Confused About Ophthalmologists' Place in ACOs? Here's Help

Neil Chesanow

Disclosures

April 10, 2014

In This Article

ACOs Are Causing Widespread Alarm

Ophthalmologists across the country are increasingly concerned about the spread of Accountable Care Organizations (ACOs), both Medicare and commercial, and what they mean for ophthalmic referrals in the future.

Consultants and attorneys with ophthalmic practices as clients, as well as ophthalmic practice administrators, say that many smaller practices are consolidating or considering it, hoping that an expanded patient base will make them more appealing for ACO membership, not only to protect their flow of patients but also to be eligible for bonuses if savings are achieved.

Separate but related issues are intertwined in these concerns. It's easier to gain a perspective on each of them if they are disentwined and viewed individually. Some fears may be premature or tempests in teapots, experts say; others are a greater cause for alarm. Which is which? Let's take a look.

Understanding Medicare ACOs

ACOs are intended to improve patient outcomes and reduce costs by better managing and coordinating care for a defined population of Medicare beneficiaries. The total number of Medicare ACOs is now 366.[1]

Hospitals, insurers, and physician organizations, which have formed Medicare ACOs, have also formed commercial ACOs for their non-Medicare members.
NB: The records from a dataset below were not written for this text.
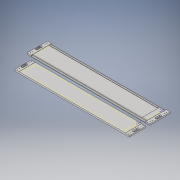
# Autodesk Inventor part: Fixture Base
Saved by Autodesk Inventor 2018 (Build 220112000, 112)
## iProperties
Created: 2016-04-07
Part Number: Fixture Base
Material: Generic
Document SubType Name: Modeling
Designer: Sam Clay
Density: 1 g/cm^3
Appearance: Default
Author: Sam Clay
Autodesk Inventor part; units mm, degrees
ref_plane "YZ Plane" through (0, 0, 0) normal (1, 0, 0) x (0, 1, 0)
ref_plane "XZ Plane" through (0, 0, 0) normal (0, 1, 0) x (-1, 0, 0)
ref_plane "XY Plane" through (0, 0, 0) normal (0, 0, 1) x (1, 0, 0)
sketch "Base Sketch" plane through (0, 0, 0) normal (0, 1, 0) x (-1, 0, 0)
  line L0 (0, 0) -> (1422.4, 0)
  line L1 (1422.4, 0) -> (1422.4, 254)
  line L2 (1320.8, 508) -> (0, 508)
  line L3 (0, 508) -> (0, 304.8)
  line L4 (0, 508) -> (-50.8, 508)
  line L5 (-50.8, 508) -> (-50.8, 304.8)
  line L6 (-50.8, 0) -> (0, 0)
  line L7 (0, 0) -> (0, 254)
  line L8 (1320.8, 508) -> (1371.6, 508)
  line L9 (1371.6, 508) -> (1371.6, 304.8)
  line L10 (1473.2, 0) -> (1422.4, 0)
  line L11 (1422.4, 0) -> (1422.4, 254)
  line L12 (1473.2, 254) -> (1473.2, 0)
  line L13 (-50.8, 254) -> (-50.8, 0)
  line L14 (1371.6, 304.8) -> (1320.8, 304.8)
  line L15 (1320.8, 304.8) -> (1320.8, 508)
  line L16 (1422.4, 254) -> (0, 254)
  line L17 (1320.8, 304.8) -> (0, 304.8)
  line L18 (0, 304.8) -> (-50.8, 304.8)
  line L19 (0, 254) -> (-50.8, 254)
  line L20 (0, 304.8) -> (0, 508)
  line L21 (0, 254) -> (0, 0)
  line L22 (1320.8, 304.8) -> (1320.8, 508)
  line L23 (1409.7, 0) -> (1409.7, 254)
  line L24 (12.7, 0) -> (12.7, 254)
  line L25 (1308.1, 304.8) -> (1308.1, 508) construction
  line L26 (12.7, 304.8) -> (12.7, 508) construction
  line L27 (1289.05, 323.85) -> (31.75, 323.85) construction
  line L28 (31.75, 323.85) -> (31.75, 488.95) construction
  line L29 (31.75, 488.95) -> (1289.05, 488.95) construction
  line L30 (1289.05, 488.95) -> (1289.05, 323.85) construction
  line L31 (1473.2, 254) -> (1422.4, 254)
  point P0 (-50.8, 254)
  point P1 (0, 254)
  dimension "d87" = 50.8
  dimension "d88" = 50.8
  dimension "d167" = 203.2
  dimension "d172" = 12.7
  dimension "d173" = 12.7
  dimension "d213" = 12.7
  dimension "d214" = 12.7
  dimension "d215" = 19.05
  dimension "d216" = 19.05
  dimension "d217" = 19.05
  dimension "d218" = 19.05
  dimension "d232" = 1524
  dimension "d233" = 50.8
  dimension "d234" = 50.8
  dimension "d235" = 1422.4
  dimension "d236" = 254
  dimension "d237" = 50.8
  constraints: 64 end point, 17 parallel, 14 perpendicular, 13 coincident, 12 point on line, 5 horizontal, 1 collinear
  measures "d87" distance of L6.end L6.start
  measures "d88" distance of L10.start L10.end
  measures "d167" distance between parallel lines of L2 L14
  measures "d172" distance between parallel lines of L23 L1
  measures "d173" distance between parallel lines of L21 L24
  measures "d213" distance between parallel lines of L22 L25
  measures "d214" distance between parallel lines of L3 L26
  measures "d215" distance between parallel lines of L27 L17
  measures "d216" distance between parallel lines of L25 L30
  measures "d217" distance between parallel lines of L26 L28
  measures "d218" distance between parallel lines of L2 L29
  measures "d232" distance between parallel lines of L12 L13
  measures "d233" distance between parallel lines of L9 L15
  measures "d234" distance between parallel lines of L5 L20
  measures "d235" distance between parallel lines of L9 L5
  measures "d236" distance between parallel lines of L16 L0
  measures "d237" distance between parallel lines of L14 L16
extrude "Lower Level" add sketch "Base Sketch" along normal blind 17.78 contours L6 L13 L19 L7 | L1 L31 L12 L10 | L8 L9 L14 L15 | L3 L18 L5 L4
extrude "Base" add sketch "Base Sketch" along normal blind 19.05 contours L7 L16 L24 L0 | L24 L16 L23 L0 | L23 L16 L1 L0 | L15 L17 L3 L2
sketch "Tracks Sketch" plane through (0, 19.05, 0) normal (0, 1, 0) x (1, 0, 0)
  line L0 (0, -254) -> (0, 0) projected
  line L1 (-1422.4, -19.812) -> (0, -19.812)
  line L2 (-1422.4, 0) -> (0, 0)
  line L3 (-1422.4, -234.188) -> (0, -234.188)
  line L4 (-1422.4, -254) -> (0, -254)
  line L5 (-63.5, -35.052) -> (-1422.4, -35.052)
  line L6 (-1422.4, -35.052) -> (-1422.4, -234.188)
  line L7 (-63.5, -234.188) -> (-63.5, -35.052)
  circle A0 centre (-67.31, -38.862) radius 8.89
  line L8 (-1371.6, -508) -> (50.8, -508) projected
  line L9 (50.8, -304.8) -> (-1371.6, -304.8) projected
  line L10 (-1473.2, -254) -> (50.8, -254) projected
  line L11 (50.8, 0) -> (-1473.2, 0) projected
  line L12 (-1371.6, -304.8) -> (-1371.6, -508) projected
  line L13 (50.8, -508) -> (50.8, -304.8) projected
  line L14 (-1473.2, 0) -> (-1473.2, -254) projected
  line L15 (50.8, -254) -> (50.8, 0) projected
  line L16 (-1422.4, 0) -> (-1422.4, -254) projected
  point P0 (-660.4, -254)
  point P1 (-1320.8, -254)
  dimension "d170" = 19.812
  dimension "d171" = 19.812
  dimension "d174" = 63.5
  dimension "d175" = 15.24
  dimension "d178" = 17.78
  dimension "d179" = 5.08
  dimension "d180" = 5.08
  dimension "d219" = 0
  dimension "d220" = 0
  constraints: 14 end point, 9 point on line, 5 perpendicular, 1 centre point, 1 horizontal, 1 parallel
  measures "d170" distance between parallel lines of L4 L3
  measures "d171" distance between parallel lines of L1 L2
  measures "d174" distance between parallel lines of L0 L7
  measures "d175" distance between parallel lines of L1 L5
  measures "d178" diameter of A0
  measures "d179" distance edge to line of A0 L5
  measures "d180" distance edge to line of A0 L7
  measures "d219" distance between parallel lines of L11 L2
  measures "d220" distance between parallel lines of L10 L4
extrude "Pocket side" cut sketch "Tracks Sketch" against normal blind 3.175 contours L3 L6 L5 A0 L7 | A0 L5 L7 | L7 L5 A0
extrude "Tracks" cut sketch "Tracks Sketch" against normal blind 12.7 contours L4 L16 L3 L0 | L1 L16 L2 L0
sketch "Handle Sketch" plane through (0, 17.78, 0) normal (0, 1, 0) x (1, 0, 0)
  line L0 (-1422.4, -35.052) -> (-1422.4, -19.812) projected
  line L1 (-1422.4, 0) -> (-1473.2, 0) projected
  line L2 (-1473.2, 0) -> (-1473.2, -254) projected
  line L3 (50.8, 0) -> (0, 0) projected
  line L4 (0, -19.812) -> (0, -234.188) projected
  line L5 (0, 0) -> (0, -19.812) projected
  line L6 (0, -234.188) -> (0, -254) projected
  line L7 (0, -254) -> (50.8, -254) projected
  line L8 (50.8, -254) -> (50.8, 0) projected
  line L9 (0, -508) -> (50.8, -508) projected
  line L10 (50.8, -508) -> (50.8, -304.8) projected
  line L11 (50.8, -304.8) -> (0, -304.8) projected
  line L12 (0, -304.8) -> (0, -508) projected
  line L13 (-1320.8, -508) -> (-1320.8, -304.8) projected
  line L14 (-1320.8, -304.8) -> (-1371.6, -304.8) projected
  line L15 (-1371.6, -304.8) -> (-1371.6, -508) projected
  line L16 (-1371.6, -508) -> (-1320.8, -508) projected
  line L17 (-1422.4, 0) -> (-1473.2, 0) construction
  line L18 (31.75, 0) -> (31.75, -508) construction
  line L19 (-1454.15, -88.9) -> (-1454.15, -165.1) construction
  line L20 (-1466.85, -101.6) -> (-1466.85, -152.4)
  line L21 (-1441.45, -152.4) -> (-1441.45, -101.6)
  arc A0 (-1441.45, -101.6) -> (-1466.85, -101.6) centre (-1454.15, -101.6) ccw
  arc A1 (-1466.85, -152.4) -> (-1441.45, -152.4) centre (-1454.15, -152.4) ccw
  line L22 (31.75, -88.9) -> (31.75, -165.1) construction
  line L23 (19.05, -101.6) -> (19.05, -152.4)
  line L24 (44.45, -152.4) -> (44.45, -101.6)
  arc A2 (44.45, -101.6) -> (19.05, -101.6) centre (31.75, -101.6) ccw
  arc A3 (19.05, -152.4) -> (44.45, -152.4) centre (31.75, -152.4) ccw
  line L25 (-1352.55, -368.3) -> (-1352.55, -444.5) construction
  line L26 (-1365.25, -381) -> (-1365.25, -431.8)
  line L27 (-1339.85, -431.8) -> (-1339.85, -381)
  arc A4 (-1339.85, -381) -> (-1365.25, -381) centre (-1352.55, -381) ccw
  arc A5 (-1365.25, -431.8) -> (-1339.85, -431.8) centre (-1352.55, -431.8) ccw
  line L28 (31.75, -368.3) -> (31.75, -444.5) construction
  line L29 (19.05, -381) -> (19.05, -431.8)
  line L30 (44.45, -431.8) -> (44.45, -381)
  arc A6 (44.45, -381) -> (19.05, -381) centre (31.75, -381) ccw
  arc A7 (19.05, -431.8) -> (44.45, -431.8) centre (31.75, -431.8) ccw
  line L31 (-1473.2, -254) -> (-1422.4, -254) projected
  line L32 (-1454.15, 0) -> (-1454.15, -254) construction
  line L33 (-1473.2, -254) -> (-1422.4, -254) construction
  line L34 (-1320.8, -304.8) -> (-1371.6, -304.8) construction
  line L35 (-1352.55, -304.8) -> (-1352.55, -508) construction
  line L36 (-1371.6, -508) -> (-1320.8, -508) construction
  line L37 (-1422.4, -254) -> (-1422.4, -35.052) projected
  line L38 (-1422.4, -19.812) -> (-1422.4, 0) projected
  point P0 (-1454.15, -25.4)
  point P1 (-1454.15, -50.8)
  point P2 (-1454.15, -203.2)
  point P3 (-1454.15, -228.6)
  point P4 (-1352.55, -317.5)
  point P5 (-1352.55, -342.9)
  point P6 (-1352.55, -469.9)
  point P7 (-1352.55, -495.3)
  point P8 (31.75, -495.3)
  point P9 (31.75, -469.9)
  point P10 (31.75, -342.9)
  point P11 (31.75, -317.5)
  point P12 (31.75, -228.6)
  point P13 (31.75, -203.2)
  point P14 (31.75, -50.8)
  point P15 (31.75, -25.4)
  point P16 (-1454.15, -127)
  point P17 (31.75, -127)
  point P18 (-1352.55, -406.4)
  point P19 (31.75, -406.4)
  dimension "d182" = 19.05
  dimension "d183" = 25.4
  dimension "d184" = 25.4
  dimension "d186" = 25.4
  dimension "d187" = 25.4
  dimension "d188" = 25.4
  dimension "d189" = 25.4
  dimension "d190" = 25.4
  dimension "d191" = 12.7
  dimension "d192" = 25.4
  dimension "d193" = 12.7
  dimension "d194" = 25.4
  dimension "d195" = 12.7
  dimension "d196" = 25.4
  dimension "d197" = 12.7
  dimension "d198" = 25.4
  dimension "d199" = 76.2
  dimension "d200" = 25.4
  dimension "d201" = 127
  dimension "d202" = 76.2
  dimension "d203" = 25.4
  dimension "d204" = 127
  dimension "d205" = 76.2
  dimension "d206" = 25.4
  dimension "d207" = 76.2
  dimension "d208" = 25.4
  dimension "d209" = 101.6
  dimension "d210" = 101.6
  dimension "d238" = 19.05
  dimension "d239" = 25.4
  dimension "d240" = 19.05
  constraints: 36 end point, 25 point on line, 24 point on circle, 16 tangent, 8 centre point, 5 midpoint, 4 parallel, 2 perpendicular, 1 horizontal, 15 other
  measures "d183" distance from line of point (-1454.15, -25.4) L1
  measures "d184" distance of point (-1454.15, -25.4) point (-1454.15, -50.8)
  measures "d186" distance of point (-1454.15, -203.2) point (-1454.15, -228.6)
  measures "d187" distance from line of point (31.75, -25.4) L3
  measures "d188" distance of point (31.75, -50.8) point (31.75, -25.4)
  measures "d189" distance from line of L7 point (31.75, -228.6)
  measures "d190" distance of point (31.75, -203.2) point (31.75, -228.6)
  measures "d191" distance from line of point (-1352.55, -317.5) L14
  measures "d192" distance of point (-1352.55, -342.9) point (-1352.55, -317.5)
  measures "d193" distance from line of L16 point (-1352.55, -495.3)
  measures "d194" distance of point (-1352.55, -469.9) point (-1352.55, -495.3)
  measures "d195" distance from line of L9 point (31.75, -495.3)
  measures "d196" distance of point (31.75, -469.9) point (31.75, -495.3)
  measures "d197" distance from line of point (31.75, -317.5) L11
  measures "d198" distance of point (31.75, -342.9) point (31.75, -317.5)
  measures "d199" distance of L19.start L19.end
  measures "d200" diameter of A1
  measures "d201" distance from line of L1 point (-1454.15, -127)
  measures "d202" distance of L22.start L22.end
  measures "d203" diameter of A3
  measures "d204" distance from line of L3 point (31.75, -127)
  measures "d205" distance of L25.start L25.end
  measures "d206" diameter of A5
  measures "d207" distance of L28.start L28.end
  measures "d208" diameter of A7
  measures "d209" distance from line of point (-1352.55, -406.4) L14
  measures "d210" distance from line of point (31.75, -406.4) L11
  measures "d238" distance between parallel lines of L32 L2
  measures "d239" distance of L32.end point (-1454.15, -228.6)
  measures "d240" distance between parallel lines of L35 L15
sketch "Origin Sketch" plane through (0, 19.05, 0) normal (0, 1, 0) x (1, 0, 0)
  line L0 (-1422.4, -35.052) -> (-75.3422, -35.052) construction
  line L1 (-12.7, 0) -> (-12.7, -254) construction
  line L2 (0, -304.8) -> (-1320.8, -304.8) construction
  line L3 (0, -304.8) -> (0, -508) construction
  line L4 (-12.7, -304.8) -> (-12.7, -508) construction
  line L5 (-1289.05, -323.85) -> (-31.75, -323.85) construction
  line L6 (-31.75, -488.95) -> (-1289.05, -488.95) construction
  line L7 (-31.75, -323.85) -> (-31.75, -488.95) construction
  line L8 (-1289.05, -488.95) -> (-1289.05, -323.85) construction
  line L9 (-1308.1, -304.8) -> (-1308.1, -508) construction
  line L10 (-1409.7, 0) -> (-1409.7, -254) construction
  line L11 (-63.5, -46.8942) -> (-63.5, -234.188) construction
  point P0 (-12.7, -35.052)
  point P1 (-25.4, -317.5)
  dimension "d211" = 12.7
  dimension "d212" = 25.4
  constraints: 2 point on line
  measures "d211" distance from line of L2 point (-25.4, -317.5)
  measures "d212" distance from line of L3 point (-25.4, -317.5)
extrude "Handles" cut sketch "Handle Sketch" along normal through all both and the other way through all contours A0 L21 A1 L20 | A2 L24 A3 L23 | A4 L27 A5 L26 | A6 L30 A7 L29
hole "Hole1" at (-1454.15, 17.78, 25.4) at (-1454.15, 17.78, 50.8) at (-1454.15, 17.78, 203.2) at (-1454.15, 17.78, 228.6) at (-1352.55, 17.78, 317.5) at (-1352.55, 17.78, 342.9) at (-1352.55, 17.78, 469.9) at (-1352.55, 17.78, 495.3) at (31.75, 17.78, 495.3) at (31.75, 17.78, 469.9) at (31.75, 17.78, 342.9) at (31.75, 17.78, 317.5) at (31.75, 17.78, 228.6) at (31.75, 17.78, 203.2) at (31.75, 17.78, 50.8) at (31.75, 17.78, 25.4) direction (0, -1, 0) diameter 6.35 end through all
body "Solid1"

The total number of all ACOs, both public and private, is 606.[1] ACOs now exist in all 50 states and the District of Columbia.[1] California has the most ACOs of either type (58), followed by Florida (55) and Texas (44).[1] The cities with the most ACOs are Los Angeles (26), Boston (23), and Orlando (17).[1]

To encourage Medicare ACO participation, the Centers for Medicare & Medicaid Services (CMS) established 2 voluntary initiatives: the Medicare Shared Savings Program and the Advance Payment Model.

In the Shared Savings Program, which is the one relevant to most doctors, providers are responsible for the care of at least 5000 Medicare beneficiaries for a period of 3 years on a fee-for-service basis.

The Advance Payment Model provides support for small rural and other small physician groups to invest in the infrastructure and redesign of care processes to form Medicare ACOs by offering funding up front.

An ACO can contract with CMS in one of 2 ways. In a "1-sided" arrangement, ACO providers receive their normal Medicare reimbursement, plus they share in the savings -- but not the losses, if any -- incurred by the ACO in meeting CMS quality outcomes targets. This lets doctors experiment and learn without getting burned, because a template for establishing a successful ACO doesn't exist yet.

After 3 years, to continue to participate as a Medicare ACO, the ACO must move to a "2-sided" arrangement, in which ACO providers incur downside risk but also stand to earn more in bonuses if they achieve savings and meet quality targets.